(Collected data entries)
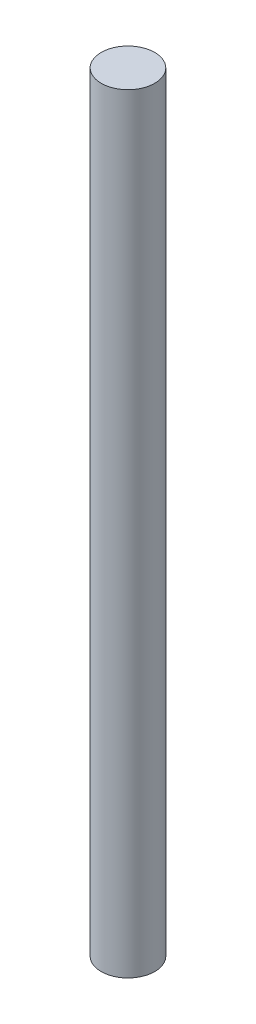
SolidWorks part; units mm, degrees
ref_plane "前视基准面" through (0, 0, 0) normal (0, 0, 1) x (1, 0, 0)
ref_plane "上视基准面" through (0, 0, 0) normal (0, 1, 0) x (1, 0, 0)
ref_plane "右视基准面" through (0, 0, 0) normal (1, 0, 0) x (0, 0, -1)
sketch "草图1" plane through (0, 0, 0) normal (0, 1, 0) x (1, 0, 0)
  circle A0 centre (0, 0) radius 8
  dimension "D1" = 16
extrude "凸台-拉伸1" add sketch "草图1" along normal blind 230
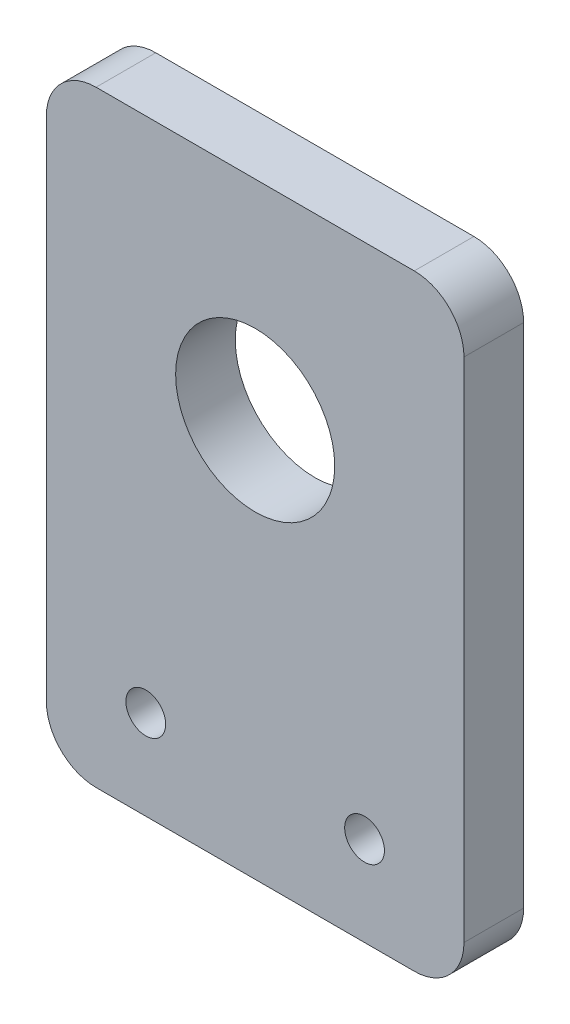
SolidWorks part; units mm, degrees
ref_plane "Front Plane" through (0, 0, 0) normal (0, 0, 1) x (1, 0, 0)
ref_plane "Top Plane" through (0, 0, 0) normal (0, 1, 0) x (1, 0, 0)
ref_plane "Right Plane" through (0, 0, 0) normal (1, 0, 0) x (0, 0, -1)
sketch "Sketch1" plane through (0, 0, 0) normal (0, 0, 1) x (1, 0, 0)
  line L1 (5, 0) -> (37, 0)
  line L2 (0, 5) -> (0, 56)
  line L3 (5, 61) -> (37, 61)
  line L4 (42, 5) -> (42, 56)
  line L5 (5.5, 24.5) -> (36.5, 24.5) construction
  line L6 (5.5, 24.5) -> (5.5, 55.5) construction
  line L7 (5.5, 55.5) -> (36.5, 55.5) construction
  line L8 (36.5, 24.5) -> (36.5, 55.5) construction
  line L9 (5.5, 24.5) -> (36.5, 55.5) construction
  line L10 (5.5, 55.5) -> (36.5, 24.5) construction
  circle A0 centre (21, 40) radius 8
  arc A5 (5, 0) -> (0, 5) centre (5, 5) cw
  arc A6 (37, 0) -> (42, 5) centre (37, 5) ccw
  arc A7 (37, 61) -> (42, 56) centre (37, 56) cw
  arc A8 (0, 56) -> (5, 61) centre (5, 56) cw
  circle A9 centre (10, 9) radius 2
  circle A10 centre (32, 9) radius 2
  point P18 (0, 0)
  point P23 (42, 61)
  point P26 (0, 61)
  dimension "D9" = 5
  dimension "D10" = 9
  dimension "D12" = 4
  dimension "D13" = 10
  dimension "D14" = 10
  dimension "D3" = 16
  dimension "D1" = 61
  dimension "D2" = 42
  dimension "D6" = 31
  dimension "D8" = 31
  dimension "D11" = 9
extrude "Boss-Extrude1" add sketch "Sketch1" along normal blind 6
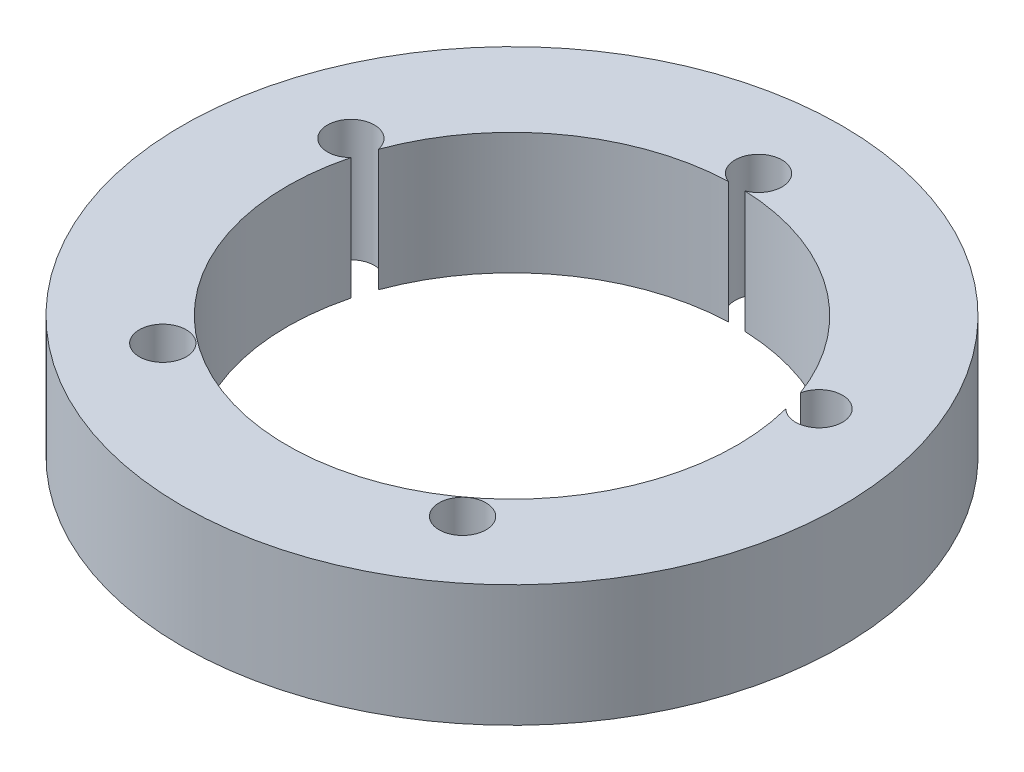
SolidWorks part; units mm, degrees
ref_plane "前基準面" through (0, 0, 0) normal (0, 0, 1) x (1, 0, 0)
ref_plane "上基準面" through (0, 0, 0) normal (0, 1, 0) x (1, 0, 0)
ref_plane "右基準面" through (0, 0, 0) normal (1, 0, 0) x (0, 0, -1)
sketch "草圖1" plane through (0, 0, 0) normal (0, 1, 0) x (1, 0, 0)
  circle A0 centre (0, 0) radius 24
  dimension "D1" = 48
extrude "伸長-薄件1" add sketch "草圖1" along normal blind 13 thin
sketch "草圖2" plane through (0, 0, 0) normal (0, 1, 0) x (1, 0, 0)
  line L0 (0, -978.5) -> (0, 49021.5) construction
  line L1 (-1000, 26.3308) -> (49000, 26.3308) construction
  circle A1 centre (0, 26.3308) radius 2.505
  dimension "D1" = 5.01
extrude "除料-伸長1" cut sketch "草圖2" along normal blind 16
sketch "草圖11" plane through (0, 13, 0) normal (0, 1, 0) x (1, 0, 0)
  line L0 (-13.5981, -21.1952) -> (13.4119, -21.1952) construction
  circle A0 centre (-16.1031, -21.1952) radius 2.505
  circle A1 centre (15.9169, -21.1952) radius 2.505
  dimension "D1" = 5.01
  dimension "D3" = 5.01
  dimension "D4" = 2.505
  dimension "D2" = 27.01
extrude "除料-伸長3" cut sketch "草圖11" against normal blind 16
sketch "草圖12" plane through (0, 13, 0) normal (0, 1, 0) x (1, 0, 0)
  line L0 (-1023, 12.4699) -> (48977, 12.4699) construction
  line L2 (-1021.546, 5.2895) -> (48978.454, 5.2895) construction
  line L3 (-1025, 7.7945) -> (48975, 7.7945) construction
  line L4 (0, -200978.5) -> (0, 249021.5) construction
  circle A2 centre (-25, 7.7945) radius 2.505
  circle A3 centre (25, 7.7945) radius 2.505
  dimension "D1" = 5.01
  dimension "D2" = 5.01
  dimension "D3" = 25
  dimension "D4" = 25
extrude "除料-伸長4" cut sketch "草圖12" against normal blind 16

Assigned task: Give only the number of lines above holding "circle".

Exercise output: 10